*** TASK INPUT Section Begins ***

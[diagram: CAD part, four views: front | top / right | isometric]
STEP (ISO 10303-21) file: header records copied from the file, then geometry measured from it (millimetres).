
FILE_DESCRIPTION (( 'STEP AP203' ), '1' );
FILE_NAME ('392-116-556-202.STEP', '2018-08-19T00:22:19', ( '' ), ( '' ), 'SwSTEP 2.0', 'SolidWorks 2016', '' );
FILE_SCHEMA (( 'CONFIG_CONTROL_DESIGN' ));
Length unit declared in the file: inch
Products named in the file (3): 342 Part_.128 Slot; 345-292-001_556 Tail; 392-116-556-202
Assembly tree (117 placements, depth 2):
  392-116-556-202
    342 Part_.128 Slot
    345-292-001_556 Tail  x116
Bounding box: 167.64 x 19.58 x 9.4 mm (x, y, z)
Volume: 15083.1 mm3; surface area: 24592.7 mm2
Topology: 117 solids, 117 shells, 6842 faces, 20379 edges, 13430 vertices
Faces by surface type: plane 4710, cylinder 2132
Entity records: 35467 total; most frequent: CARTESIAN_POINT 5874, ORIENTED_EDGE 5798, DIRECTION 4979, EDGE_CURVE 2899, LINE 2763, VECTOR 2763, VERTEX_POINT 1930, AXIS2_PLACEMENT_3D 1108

*** TASK INPUT Section Ends ***

Produce a word-for-word copy of all the entries above.

[diagram: CAD part, four views: front | top / right | isometric]
STEP (ISO 10303-21) file: header records copied from the file, then geometry measured from it (millimetres).
FILE_DESCRIPTION (( 'STEP AP203' ), '1' );
FILE_NAME ('392-116-556-202.STEP', '2018-08-19T00:22:19', ( '' ), ( '' ), 'SwSTEP 2.0', 'SolidWorks 2016', '' );
FILE_SCHEMA (( 'CONFIG_CONTROL_DESIGN' ));
Length unit declared in the file: inch
Products named in the file (3): 342 Part_.128 Slot; 345-292-001_556 Tail; 392-116-556-202
Assembly tree (117 placements, depth 2):
  392-116-556-202
    342 Part_.128 Slot
    345-292-001_556 Tail  x116
Bounding box: 167.64 x 19.58 x 9.4 mm (x, y, z)
Volume: 15083.1 mm3; surface area: 24592.7 mm2
Topology: 117 solids, 117 shells, 6842 faces, 20379 edges, 13430 vertices
Faces by surface type: plane 4710, cylinder 2132
Entity records: 35467 total; most frequent: CARTESIAN_POINT 5874, ORIENTED_EDGE 5798, DIRECTION 4979, EDGE_CURVE 2899, LINE 2763, VECTOR 2763, VERTEX_POINT 1930, AXIS2_PLACEMENT_3D 1108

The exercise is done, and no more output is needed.